Added Bajeux, "I am thilled to take this new position and am very excited about the opportunities Cap Juluca has to offer. The resort has an important legacy to live up to, with stellar service and dedicated staff who are ready to take Cap Juluca to the next level."

In his new position, Bajeux - born and raised in Alsace-Lorraine, France - will lend his considerable expertise to the development of new concepts and menus for the resort's three restaurants, including the fine dining venue Pimms', George's and Kemia which will be re-concepted as a Pan-Asian restaurant. In addition, he will supervise approximately 80 employees and oversee staff training and development.

Bajeux certainly has the expertise and credentials to take this already impressive resort to even higher standards of excellence. One of just 50 French Master Chefs in the United States - as designated by the Ma^itre Cuisinier de France - he began his culinary career as an apprentice at age 14, and then trained as a cook in the French Navy.

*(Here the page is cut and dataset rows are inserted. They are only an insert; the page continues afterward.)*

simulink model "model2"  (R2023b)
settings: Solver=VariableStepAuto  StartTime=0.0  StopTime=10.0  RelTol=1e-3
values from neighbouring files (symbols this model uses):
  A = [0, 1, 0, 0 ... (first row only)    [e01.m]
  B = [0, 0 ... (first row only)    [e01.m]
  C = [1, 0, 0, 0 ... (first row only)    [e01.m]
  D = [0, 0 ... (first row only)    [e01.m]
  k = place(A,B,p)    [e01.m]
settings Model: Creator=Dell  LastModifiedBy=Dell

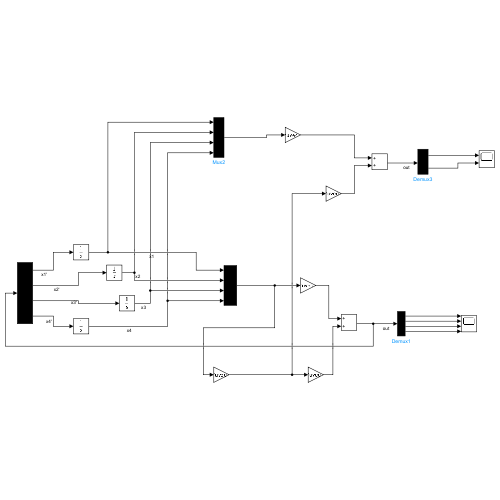
[thumbnail: Simulink's stored preview of the top-level diagram]
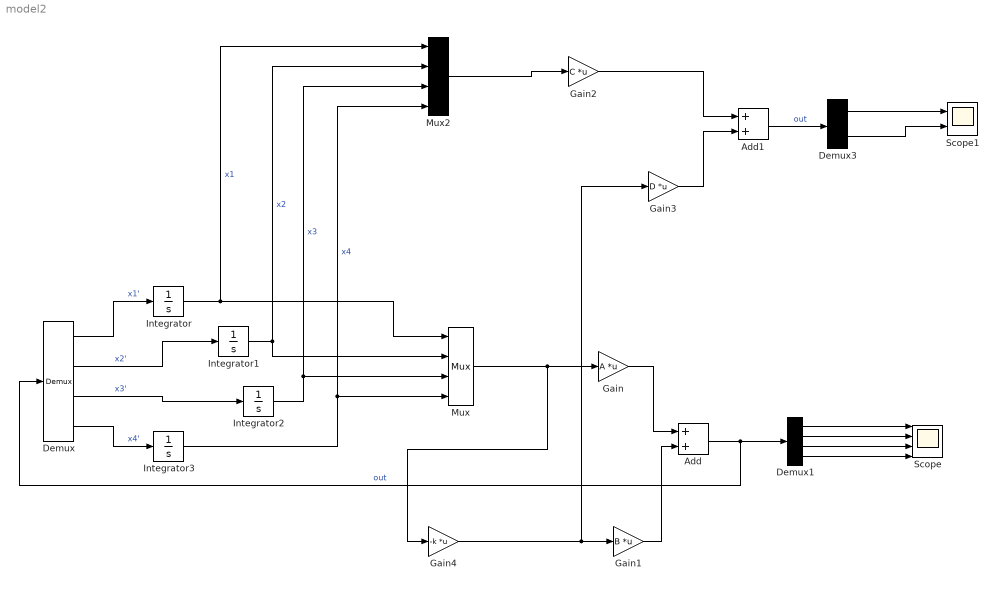
== system model2 ==
  Add : Sum
  Add1 : Sum
  Demux : Demux
  Demux1 : Demux
  Demux3 : Demux  Outputs=2
  Gain : Gain  Gain=A  Multiplication=Matrix(K*u) (u vector)
  Gain1 : Gain  Gain=B  Multiplication=Matrix(K*u) (u vector)
  Gain2 : Gain  Gain=C  Multiplication=Matrix(K*u) (u vector)
  Gain3 : Gain  Gain=D  Multiplication=Matrix(K*u) (u vector)
  Gain4 : Gain  Gain=-k  Multiplication=Matrix(K*u) (u vector)
  Integrator : Integrator  InitialCondition=10
  Integrator1 : Integrator  InitialCondition=20
  Integrator2 : Integrator  InitialCondition=-10
  Integrator3 : Integrator  InitialCondition=-20
  Mux : Mux
  Mux2 : Mux
  Scope : Scope  NumInputPorts=4
  Scope1 : Scope  NumInputPorts=2
  wires:
  Demux/1 -> Integrator/1  "x1'"
  Demux/2 -> Integrator1/1  "x2'"
  Demux/3 -> Integrator2/1  "x3'"
  Demux/4 -> Integrator3/1  "x4'"
  Integrator/1 -> Mux2/1, Mux/1  "x1"
  Integrator1/1 -> Mux/2, Mux2/2  "x2"
  Integrator2/1 -> Mux2/3, Mux/3  "x3"
  Integrator3/1 -> Mux2/4, Mux/4  "x4"
  Mux/1 -> Gain4/1, Gain/1
  Gain/1 -> Add/1
  Gain1/1 -> Add/2
  Add/1 -> Demux/1, Demux1/1  "out"
  Demux1/1 -> Scope/1
  Demux1/2 -> Scope/2
  Demux1/3 -> Scope/3
  Demux1/4 -> Scope/4
  Demux3/2 -> Scope1/2
  Demux3/1 -> Scope1/1
  Gain2/1 -> Add1/1
  Add1/1 -> Demux3/1  "out"
  Gain3/1 -> Add1/2
  Mux2/1 -> Gain2/1
  Gain4/1 -> Gain3/1, Gain1/1

He spent his early career in Montreal, working at some of the city's finest restaurants, and then moved to Maui, where he worked as executive chef of the Four Seasons Resort, eventually relocating to the Four Seasons Beverly Hills in the same position. He also worked at several fine dining restaurants in Chicago, including a stint as executive chef/partner at Bristrot Zinc, a three-star bistro.

More than ten years ago, he moved to New Orleans to work as executive chef at the city's venerable Windsor Court Hotel, overseeing its fine dining venue, The Grill Room - Louisiana's only Mobil Five-Star and AAA Five Diamond restaurant. He later joined the prestigious Renaissance Pere Marquette Hotel, serving up authentic French cuisine at its acclaimed Rene Bistrot. Last year, he took the helm of another classic French venue, La Provence in Lacombe, Louisiana, where he was hired as a chef/partner to advance the restaurant's "farm to table" agenda.

Throughout his more than three-decade culinary career, Bajeux has accrued numerous accolades for his classic culinary approach, among them Esquire magazine's "Best New Restaurants," "Chef of the Year" from the American Tasting Institute; and inclusion among "America's Top Tables," Gourmet magazine. He has hosted many dinners at The James Beard House in New York City and was designated "Outstanding Member, 1997-2000" by The James Beard Foundation.